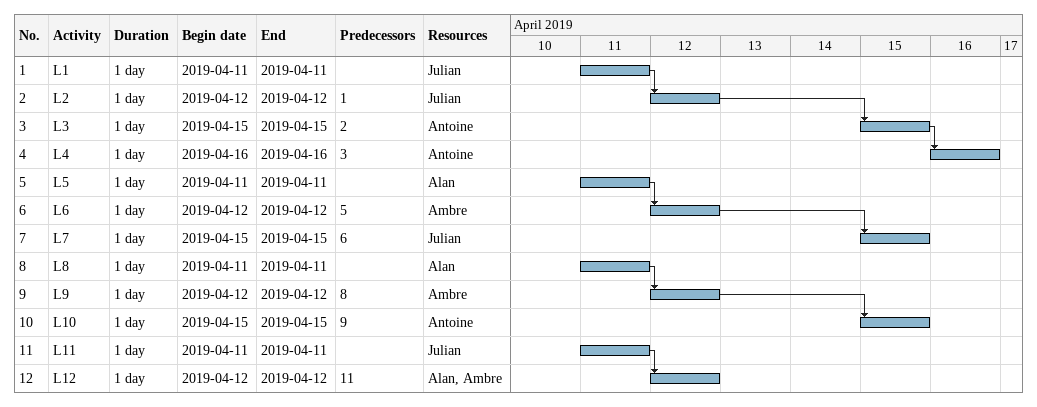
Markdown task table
| ID | Task | Duration | Start | Finish | Predecessors | Resources |
|---|---|---|---|---|---|---|
| 1 | L1 | 1d | 2019-04-11 | 2019-04-11 |  | Julian |
| 2 | L2 | 1d | 2019-04-12 | 2019-04-12 | 1 | Julian |
| 3 | L3 | 1d | 2019-04-15 | 2019-04-15 | 2 | Antoine |
| 4 | L4 | 1d | 2019-04-16 | 2019-04-16 | 3 | Antoine |
| 5 | L5 | 1d | 2019-04-11 | 2019-04-11 |  | Alan |
| 6 | L6 | 1d | 2019-04-12 | 2019-04-12 | 5 | Ambre |
| 7 | L7 | 1d | 2019-04-15 | 2019-04-15 | 6 | Julian |
| 8 | L8 | 1d | 2019-04-11 | 2019-04-11 |  | Alan |
| 9 | L9 | 1d | 2019-04-12 | 2019-04-12 | 8 | Ambre |
| 10 | L10 | 1d | 2019-04-15 | 2019-04-15 | 9 | Antoine |
| 11 | L11 | 1d | 2019-04-11 | 2019-04-11 |  | Julian |
| 12 | L12 | 1d | 2019-04-12 | 2019-04-12 | 11 | Alan, Ambre |

> The problem: Look over the entries for "Antoine", then copy every line that includes that string.

> Task response:
| 3 | L3 | 1d | 2019-04-15 | 2019-04-15 | 2 | Antoine |
| 4 | L4 | 1d | 2019-04-16 | 2019-04-16 | 3 | Antoine |
| 10 | L10 | 1d | 2019-04-15 | 2019-04-15 | 9 | Antoine |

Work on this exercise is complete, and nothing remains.